- **ENTRIES SHOWN**:
-- Opening Marker --

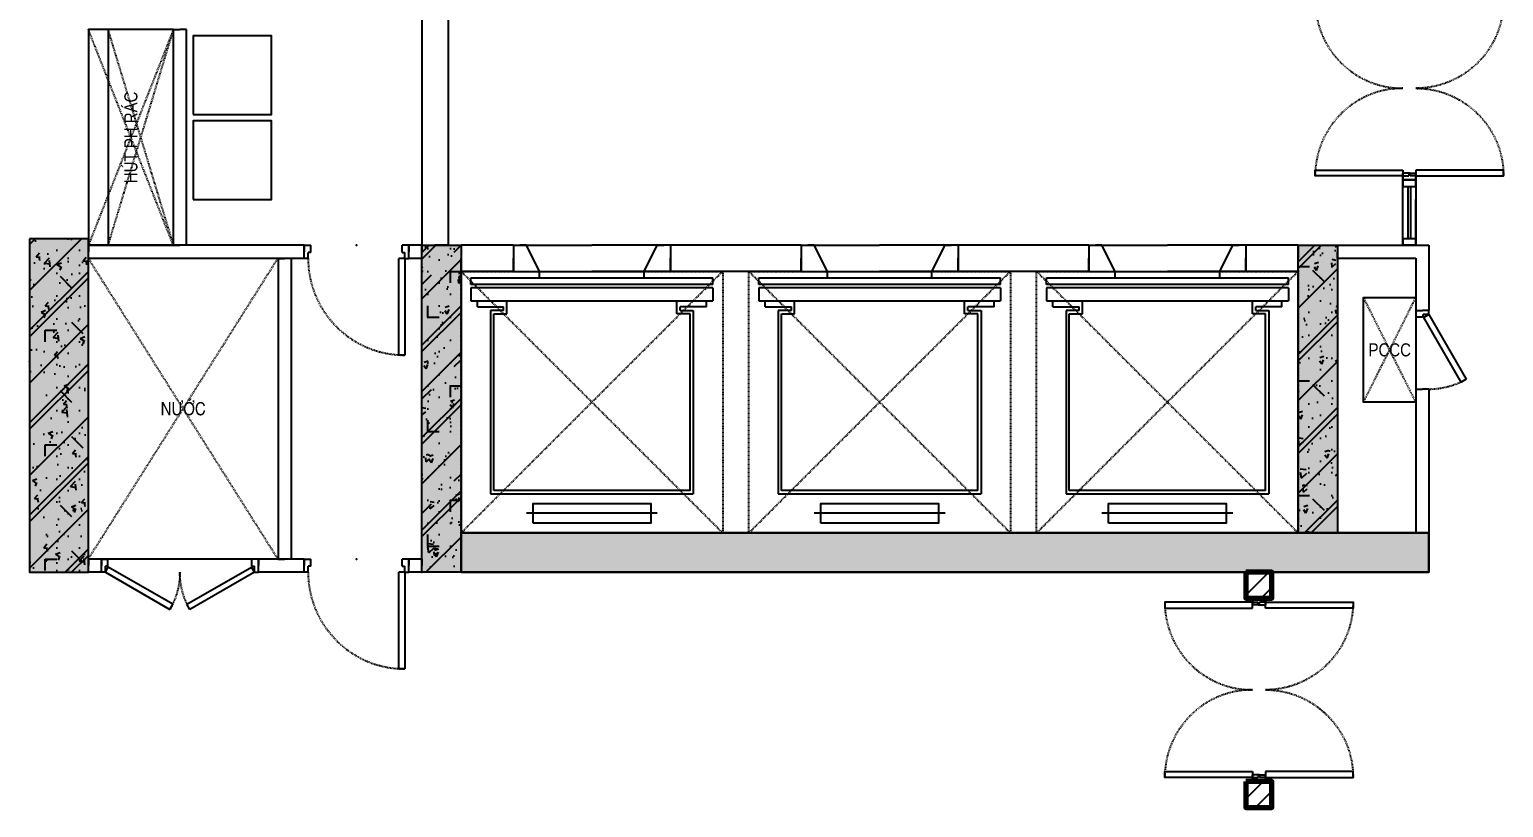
# Model space of a CAD drawing. Header units: millimetres. Extents: x 379264 to 1158416, y -283062 to 356890.
# Drawn here: x 685031.6 to 685257, y -28840 to -28721 of the extents above; entities that cross this region are included whole.
import ezdxf
from ezdxf.enums import TextEntityAlignment as Align
from ezdxf.xclip import XClip

# ---------------------------------------------------------------- set-up
doc = ezdxf.new("R2010")
doc.units = ezdxf.units.MM
doc.header["$XCLIPFRAME"] = 0
for name, pattern in [('keyplan TANG 1$0$Core 1A$0$Hidden10.5', [1.5, 1, -0.5]), ('keyplan TANG 1$0$mb tang 1 TWC$0$Core 1A$0$Hidden10.5', [1.5, 1, -0.5]), ('keyplan TANG 1$0$mb tang 1 TWC$0$Hidden10.5', [1.5, 1, -0.5]), ('keyplan TANG 1$0$mb tang 1 TWC$0$Lift Car$0$Hidden10.5', [1.5, 1, -0.5])]:
    doc.linetypes.add(name, pattern=pattern)
for name, color, linetype in [('11PM. DIM', 2, 'Continuous'), ('BLOCK A - CHI TIET THANG 1$0$DnW', 20, 'Continuous'), ('keyplan TANG 1$0$Concrete Line', 250, 'Continuous'), ('keyplan TANG 1$0$mb tang 1 TWC$0$Brick Wall', 250, 'Continuous'), ('keyplan TANG 1$0$mb tang 1 TWC$0$Concrete Line', 250, 'Continuous'), ('keyplan TANG 1$0$mb tang 1 TWC$0$Door', 250, 'Continuous'), ('keyplan TANG 1$0$mb tang 1 TWC$0$Furniture', 250, 'Continuous'), ('keyplan TANG 1$0$mb tang 1 TWC$0$Glass', 250, 'Continuous'), ('keyplan TANG 1$0$mb tang 1 TWC$0$Lift Car', 250, 'Continuous'), ('keyplan TANG 1$0$mb tang 1 TWC$0$Opening Hidden', 250, 'keyplan TANG 1$0$mb tang 1 TWC$0$Core 1A$0$Hidden10.5'), ('keyplan TANG 1$0$mb tang 1 TWC$0$Opening Line', 250, 'Continuous'), ('keyplan TANG 1$0$mb tang 1 TWC$0$Opening Text', 250, 'Continuous'), ('keyplan TANG 1$0$mb tang 1 TWC$0$Wall Hatch', 250, 'Continuous'), ('keyplan TANG 1$0$MB_Cot tang 1$0$Concrete Hatch', 250, 'Continuous'), ('keyplan TANG 1$0$MB_Cot tang 1$0$Concrete Line', 250, 'Continuous'), ('keyplan TANG 1$0$MB_Cot tang 1$0$Concrete Solid', 250, 'Continuous'), ('keyplan TANG 1$0$Opening Hidden', 250, 'keyplan TANG 1$0$Core 1A$0$Hidden10.5'), ('keyplan TANG 1$0$Opening Line', 250, 'Continuous'), ('keyplan TANG 1$0$Opening Text', 250, 'Continuous')]:
    doc.layers.add(name, color=color, linetype=linetype)
doc.layers.add('keyplan TANG 1$0$mb tang 1 TWC$0$Ghi chu ban ve', color=250, linetype='Continuous', lineweight=20)
doc.layers.add('keyplan TANG 1$0$mb tang 1 TWC$0$Wall Line', color=250, linetype='Continuous', lineweight=70)
doc.styles.add('keyplan TANG 1$0$mb tang 1 TWC$0$Arial_C', font='arial.ttf')
doc.styles.add('keyplan TANG 1$0$mb tang 1 TWC$0$Core 1A$0$VNI-HelveC', font='VHELVCN_0.TTF')
doc.styles.add('keyplan TANG 1$0$mb tang 1 TWC$0$VNI-HelveC', font='VHELVCN_0.TTF')
doc.styles.add('keyplan TANG 1$0$VNI-HelveC', font='VHELVCN_0.TTF')
doc.dimstyles.new('keyplan TANG 1$0$mb tang 1 TWC$0$Dim 100 (A1-A2)', dxfattribs={"dimscale": 100, "dimtxt": 2, "dimasz": 0.7, "dimexe": 0, "dimexo": 1, "dimgap": 1, "dimtad": 1, "dimdec": 0, "dimzin": 12, "dimdsep": 46, "dimtxsty": 'keyplan TANG 1$0$mb tang 1 TWC$0$Arial_C', "dimblk": 'keyplan TANG 1$0$mb tang 1 TWC$0$_Dot', "dimcen": 1, "dimclrd": 256, "dimclre": 256, "dimclrt": 3, "dimadec": 0, "dimazin": 0, "dimtfac": 1, "dimtdec": 0, "dimtix": 1, "dimtmove": 2, "dimatfit": 3, "dimldrblk": 'keyplan TANG 1$0$mb tang 1 TWC$0$HTT Arrow 30', "dimfxl": 1, "dimtolj": 1, "dimtzin": 0, "dimarcsym": 0})

# ---------------------------------------------------------------- blocks, each defined once
blk = doc.blocks.new('*U28')
at = {"layer": 'keyplan TANG 1$0$Opening Hidden'}
for p, q in [((0, 0), (500, 1650)), ((500, 0), (0, 1650))]:
    blk.add_line(p, q, dxfattribs=at)
at = {"layer": 'keyplan TANG 1$0$Opening Line'}
blk.add_lwpolyline([(0, 0), (500, 5.684341886080801e-14), (500, 1650), (0, 1650)], close=True, dxfattribs=at)
at = {"layer": 'keyplan TANG 1$0$Opening Text', "style": 'keyplan TANG 1$0$VNI-HelveC'}
blk.add_attdef('OPENING', text='', height=100, dxfattribs=at).set_placement((750, 1325.000000000007), align=Align.MIDDLE_CENTER)
blk = doc.blocks.new('keyplan TANG 1$0$A$Cec98b088')
at = {"layer": 'keyplan TANG 1$0$Opening Line'}
blk.add_blockref('*U28', (77201.54539237634, 14749.74043433764), dxfattribs=at)
blk = doc.blocks.new('*U1424')
at = {"layer": 'keyplan TANG 1$0$mb tang 1 TWC$0$Wall Hatch'}
h = blk.add_hatch(dxfattribs=at)
h.set_pattern_fill('LINE10', color=256, scale=100, angle=45, style=0, pattern_type=2)
h.set_pattern_definition([(45, (150, 149.9999999999999), (-70.71067811865474, 70.71067811865476), [])])
h.paths.add_polyline_path([(0, 199.9999999999999), (0, 0), (200, -1.13686837721616e-13), (200, 199.9999999999999)])
at = {"layer": 'keyplan TANG 1$0$mb tang 1 TWC$0$Wall Line'}
blk.add_lwpolyline([(0, 199.9999999999999), (0, 0), (200, -1.13686837721616e-13), (200, 199.9999999999999)], close=True, dxfattribs=at)
blk = doc.blocks.new('keyplan TANG 1$0$mb tang 1 TWC$0$Door 1400-1')
at = {"color": 0, "linetype": 'ByBlock'}
for p, q in [((29.99999962575384, 100.0000000003201), (-3.742461558431387e-07, 100.000000000131)), ((-3.742461558431387e-07, 100.000000000131), (0, 0)), ((0, 0), (50, 4.074536263942719e-10)), ((29.99999962575384, 100.0000000003201), (29.99999979416316, 55.00000000033469)), ((49.99999979417771, 55.00000000046566), (29.99999979416316, 55.00000000033469)), ((49.99999979417771, 55.00000000046566), (50, 4.074536263942719e-10)), ((1349.99999995146, 55.00000000046566), (1369.999999951474, 55.00000000033469)), ((1349.99999995146, 55.00000000046566), (1349.999999745638, 4.074607318216295e-10)), ((1399.999999745638, 7.105427357601002e-15), (1349.999999745638, 4.074607318216295e-10)), ((1370.000000119884, 100.0000000003201), (1400.000000119884, 100.000000000131)), ((1370.000000119884, 100.0000000003201), (1369.999999951474, 55.00000000033469)), ((1400.000000119884, 100.000000000131), (1399.999999745638, 7.105427357601002e-15))]:
    blk.add_line(p, q, dxfattribs=at)
for points in [[(74.99999962575384, 100.0000000003202), (29.99999962575384, 100.0000000003201), (29.99999962575384, 770.0000000003201), (74.99999962575384, 770.0000000003203)], [(1325.000000119884, 100.0000000003202), (1370.000000119884, 100.0000000003201), (1370.000000119884, 770.0000000003201), (1325.000000119884, 770.0000000003203)]]:
    blk.add_lwpolyline(points, close=True)
at = {"color": 0, "linetype": 'keyplan TANG 1$0$mb tang 1 TWC$0$Hidden10.5'}
for centre, start, end in [((29.99999962575386, 99.99999515387427), 4.144490982744002e-07, 90), ((1370.000000119884, 99.99999515387427), 90, 179.9999995855509)]:
    blk.add_arc(centre, 670.0000002470649, start, end, dxfattribs=at)
blk = doc.blocks.new('*U1420')
at = {"layer": 'keyplan TANG 1$0$mb tang 1 TWC$0$Door'}
blk.add_blockref('keyplan TANG 1$0$mb tang 1 TWC$0$Door 1400-1', (0, 0), dxfattribs=at)
blk = doc.blocks.new('keyplan TANG 1$0$mb tang 1 TWC$0$_Dot')
at = {"color": 0, "linetype": 'ByBlock', "lineweight": -2}
blk.add_line((-0.5, 0), (-1, 0), dxfattribs=at)
at = {"color": 0, "linetype": 'ByBlock', "const_width": 0.5}
blk.add_lwpolyline([(-0.25, 0, 1), (0.25, 0, 1)], format="xyb", close=True, dxfattribs=at)
blk = doc.blocks.new('*D148')
at = {"layer": 'Defpoints', "lineweight": -2, "transparency": 16777216}
for p, q in [((-132975.3291589179, -60783.47322053788), (-132975.3291589179, -60883.47322053788)), ((-130975.3291589179, -60783.47322053788), (-130975.3291589179, -60883.47322053788)), ((-132905.3291589179, -60883.47322053788), (-131045.3291589179, -60883.47322053788))]:
    blk.add_line(p, q, dxfattribs=at)
at = {"layer": 'Defpoints', "color": 0, "transparency": 16777216}
for p in [(-132975.3291589179, -60883.47322053788), (-130975.3291589179, -60883.47322053788), (-130975.3291589179, -60883.47322053788)]:
    blk.add_point(p, dxfattribs=at)
at = {"layer": 'Defpoints', "lineweight": -2, "transparency": 16777216, "xscale": 70, "yscale": 70, "zscale": 70, "rotation": 180}
blk.add_blockref('keyplan TANG 1$0$mb tang 1 TWC$0$_Dot', (-132975.3291589179, -60883.47322053788), dxfattribs=at)
at = {"layer": 'Defpoints', "lineweight": -2, "transparency": 16777216, "xscale": 70, "yscale": 70, "zscale": 70}
blk.add_blockref('keyplan TANG 1$0$mb tang 1 TWC$0$_Dot', (-130975.3291589179, -60883.47322053788), dxfattribs=at)
at = {"layer": 'Defpoints', "color": 3, "transparency": 16777216, "insert": (-131975.3291589179, -60681.35862299355), "char_height": 200, "attachment_point": 5, "style": 'keyplan TANG 1$0$mb tang 1 TWC$0$Arial_C'}
blk.add_mtext('\\A1;2000', dxfattribs=at)
blk = doc.blocks.new('keyplan TANG 1$0$mb tang 1 TWC$0$HTT Arrow 30')
blk.add_hatch(color=256).paths.add_polyline_path([(-2.5, 0.3750000000000002), (-2.5, -0.3749999999999998), (0, 0)])
at = {"color": 0, "linetype": 'ByBlock', "lineweight": -2}
for p, q in [((0, 0), (-2.5, 0.3750000000000002)), ((-2.5, -0.3749999999999998), (-2.5, 0.3750000000000002)), ((0, 0), (-2.5, -0.3749999999999998))]:
    blk.add_line(p, q, dxfattribs=at)
blk = doc.blocks.new('*D149')
at = {"layer": 'Defpoints', "lineweight": -2, "transparency": 16777216}
for p, q in [((-131075.329158918, -58883.47322053791), (-130975.3291589181, -58883.47322053791)), ((-130975.3291589181, -58953.47322053791), (-130975.3291589181, -60813.47322053791)), ((-131075.329158918, -60883.47322053791), (-130975.3291589181, -60883.47322053791))]:
    blk.add_line(p, q, dxfattribs=at)
at = {"layer": 'Defpoints', "color": 0, "transparency": 16777216}
for p in [(-130975.329158918, -58883.47322053791), (-130975.329158918, -60883.47322053791), (-130975.3291589181, -60883.47322053791)]:
    blk.add_point(p, dxfattribs=at)
at = {"layer": 'Defpoints', "lineweight": -2, "transparency": 16777216, "xscale": 70, "yscale": 70, "zscale": 70}
for p, rotation in [((-130975.3291589181, -58883.47322053791), 90), ((-130975.3291589181, -60883.47322053791), 270)]:
    blk.add_blockref('keyplan TANG 1$0$mb tang 1 TWC$0$_Dot', p, dxfattribs=dict(at, rotation=rotation))
at = {"layer": 'Defpoints', "color": 3, "transparency": 16777216, "insert": (-131177.4437564624, -59883.47322053786), "char_height": 200, "attachment_point": 5, "rotation": 90, "style": 'keyplan TANG 1$0$mb tang 1 TWC$0$Arial_C'}
blk.add_mtext('\\A1;2000', dxfattribs=at)
blk = doc.blocks.new('keyplan TANG 1$0$mb tang 1 TWC$0$Door 800-1')
at = {"color": 0, "linetype": 'ByBlock'}
for p, q in [((29.99999962575384, 100.0000000003201), (29.9999996257684, 840.0000000003201)), ((29.9999996257684, 840.0000000003201), (74.9999996257684, 840.0000000003201)), ((74.9999996257684, 840.0000000003201), (74.99999962575384, 100.0000000003201)), ((29.99999962575384, 100.0000000003201), (-3.742461558431387e-07, 100.000000000131)), ((-3.742461558431387e-07, 100.000000000131), (0, 0)), ((0, 0), (50, 4.074536263942719e-10)), ((29.99999962575384, 100.0000000003201), (29.99999979416316, 55.00000000033469)), ((29.99999962575384, 100.0000000003201), (74.99999962575384, 100.0000000003201)), ((49.99999979417771, 55.00000000046566), (29.99999979416316, 55.00000000033469)), ((49.99999979417771, 55.00000000046566), (50, 4.074536263942719e-10)), ((749.9999999304418, 55.00000000046566), (769.9999999304564, 55.00000000033469)), ((749.9999999304418, 55.00000000046566), (749.9999997246196, 4.074536263942719e-10)), ((799.9999997246196, 0), (749.9999997246196, 4.074536263942719e-10)), ((770.0000000988657, 100.0000000003201), (800.0000000988657, 100.000000000131)), ((770.0000000988657, 100.0000000003201), (769.9999999304564, 55.00000000033469)), ((800.0000000988657, 100.000000000131), (799.9999997246196, 0))]:
    blk.add_line(p, q, dxfattribs=at)
at = {"color": 0, "linetype": 'keyplan TANG 1$0$mb tang 1 TWC$0$Hidden10.5'}
blk.add_arc((29.99999962575384, 100.0000000003201), 740, 0, 90, dxfattribs=at)
for p in [(-100, 100), (-100, 0), (399.9999998623098, -1.496984622855294e-06)]:
    blk.add_point(p)
blk = doc.blocks.new('*U1419')
at = {"layer": 'keyplan TANG 1$0$mb tang 1 TWC$0$Door', "xscale": -1}
blk.add_blockref('keyplan TANG 1$0$mb tang 1 TWC$0$Door 800-1', (799.9999997246196, 0), dxfattribs=at)
blk = doc.blocks.new('*U165')
at = {"layer": 'keyplan TANG 1$0$mb tang 1 TWC$0$Opening Hidden'}
for p, q in [((0, 0), (1650, 650)), ((1650, 0), (0, 650))]:
    blk.add_line(p, q, dxfattribs=at)
at = {"layer": 'keyplan TANG 1$0$mb tang 1 TWC$0$Opening Line'}
blk.add_lwpolyline([(0, 0), (1650, 5.684341886080801e-14), (1650, 650), (0, 650)], close=True, dxfattribs=at)
at = {"layer": 'keyplan TANG 1$0$mb tang 1 TWC$0$Ghi chu ban ve', "style": 'keyplan TANG 1$0$mb tang 1 TWC$0$Core 1A$0$VNI-HelveC'}
blk.add_attdef('OPENING', text='', height=100, dxfattribs=at).set_placement((824.9999999999999, 324.9999999999637), align=Align.MIDDLE_CENTER)
blk = doc.blocks.new('keyplan TANG 1$0$mb tang 1 TWC$0$Door 1200 Riser')
at = {"color": 0, "linetype": 'ByBlock'}
for p, q in [((29.99999962575384, 100.0000000003201), (523.6344799449436, 385.0000000938708)), ((546.1344799449436, 346.028856923571), (52.49999962575374, 61.02885683002034)), ((523.6344799449432, 385.0000000938714), (546.1344799449436, 346.028856923571)), ((676.3655196808106, 385.0000000938714), (653.8655196808103, 346.028856923571)), ((653.8655196808103, 346.028856923571), (1147.5, 61.02885683002034)), ((1170, 100.0000000003201), (676.3655196808103, 385.0000000938708)), ((29.99999962575384, 100.0000000003201), (-3.742461558431387e-07, 100.000000000131)), ((-3.742461558431387e-07, 100.000000000131), (0, 0)), ((0, 0), (50, 4.074536263942719e-10)), ((29.99999962575384, 100.0000000003201), (29.99999979416316, 55.00000000033469)), ((29.99999962575384, 100.0000000003201), (52.49999962575374, 61.02885683002034)), ((49.99999979417771, 55.00000000046566), (29.99999979416316, 55.00000000033469)), ((49.99999979417771, 55.00000000046566), (50, 4.074536263942719e-10)), ((1170, 100.0000000003201), (1147.5, 61.02885683002034)), ((1149.999999831576, 55.00000000046566), (1169.999999831591, 55.00000000033469)), ((1149.999999831576, 55.00000000046566), (1149.999999625754, 4.074536263942719e-10)), ((1199.999999625754, 0), (1149.999999625754, 4.074536263942719e-10)), ((1170, 100.0000000003201), (1200, 100.000000000131)), ((1170, 100.0000000003201), (1169.999999831591, 55.00000000033469)), ((1200, 100.000000000131), (1199.999999625754, 0))]:
    blk.add_line(p, q, dxfattribs=at)
at = {"color": 0, "linetype": 'keyplan TANG 1$0$mb tang 1 TWC$0$Hidden10.5'}
for centre, start, end in [((29.99999962575384, 100.0000000003201), 359.9999999999799, 29.99999999999874), ((1170, 100.0000000003201), 150.0000000000037, 180.0000000000201)]:
    blk.add_arc(centre, 570.0000001871231, start, end, dxfattribs=at)
blk = doc.blocks.new('*U167')
at = {"layer": 'keyplan TANG 1$0$mb tang 1 TWC$0$Door'}
blk.add_blockref('keyplan TANG 1$0$mb tang 1 TWC$0$Door 1200 Riser', (0, 0), dxfattribs=at)
blk = doc.blocks.new('*U168')
at = {"layer": 'keyplan TANG 1$0$mb tang 1 TWC$0$Opening Hidden'}
for p, q in [((0, 0), (1450, 2300)), ((1450, 0), (0, 2300))]:
    blk.add_line(p, q, dxfattribs=at)
at = {"layer": 'keyplan TANG 1$0$mb tang 1 TWC$0$Opening Line'}
blk.add_lwpolyline([(0, 0), (1450, 5.684341886080801e-14), (1450, 2300), (0, 2300)], close=True, dxfattribs=at)
at = {"layer": 'keyplan TANG 1$0$mb tang 1 TWC$0$Opening Text', "style": 'keyplan TANG 1$0$mb tang 1 TWC$0$VNI-HelveC'}
blk.add_attdef('OPENING', text='', height=100, dxfattribs=at).set_placement((725, 1150), align=Align.MIDDLE_CENTER)
blk = doc.blocks.new('*U1421')
at = {"layer": 'keyplan TANG 1$0$mb tang 1 TWC$0$Door'}
blk.add_blockref('keyplan TANG 1$0$mb tang 1 TWC$0$Door 1200 Riser', (0, 0), dxfattribs=at)
blk = doc.blocks.new('*U166')
at = {"layer": 'keyplan TANG 1$0$mb tang 1 TWC$0$Opening Hidden'}
for p, q in [((0, 0), (400, 800)), ((400, 0), (0, 800))]:
    blk.add_line(p, q, dxfattribs=at)
at = {"layer": 'keyplan TANG 1$0$mb tang 1 TWC$0$Opening Line'}
blk.add_lwpolyline([(0, 0), (400, 5.684341886080801e-14), (400, 800), (0, 800)], close=True, dxfattribs=at)
at = {"layer": 'keyplan TANG 1$0$mb tang 1 TWC$0$Opening Text', "style": 'keyplan TANG 1$0$mb tang 1 TWC$0$VNI-HelveC'}
blk.add_attdef('OPENING', text='', height=100, dxfattribs=at).set_placement((200, 400), align=Align.MIDDLE_CENTER)
blk = doc.blocks.new('*U1380')
at = {"layer": 'keyplan TANG 1$0$MB_Cot tang 1$0$Concrete Hatch'}
h = blk.add_hatch(dxfattribs=at)
h.set_pattern_fill('CONCRETE', color=256, scale=50, style=0, pattern_type=2)
h.set_pattern_definition([(45, (0, -2300), (-176.7766952966369, 176.7766952966369), []), (45, (0, -2250), (-353.5533905932737, 353.5533905932738), []), (49.99999999999999, (0, -2300), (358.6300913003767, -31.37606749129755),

-- Closing Marker --

- **PROBLEM TO SOLVE**:
Find the line with "blk = doc.blocks.new('*U1380')" in the data above. Restate it and all later lines word for word, ending with the last line.

- **RESPONSE TO THE EXERCISE**:
blk = doc.blocks.new('*U1380')
at = {"layer": 'keyplan TANG 1$0$MB_Cot tang 1$0$Concrete Hatch'}
h = blk.add_hatch(dxfattribs=at)
h.set_pattern_fill('CONCRETE', color=256, scale=50, style=0, pattern_type=2)
h.set_pattern_definition([(45, (0, -2300), (-176.7766952966369, 176.7766952966369), []), (45, (0, -2250), (-353.5533905932737, 353.5533905932738), []), (49.99999999999999, (0, -2300), (358.6300913003767, -31.37606749129755),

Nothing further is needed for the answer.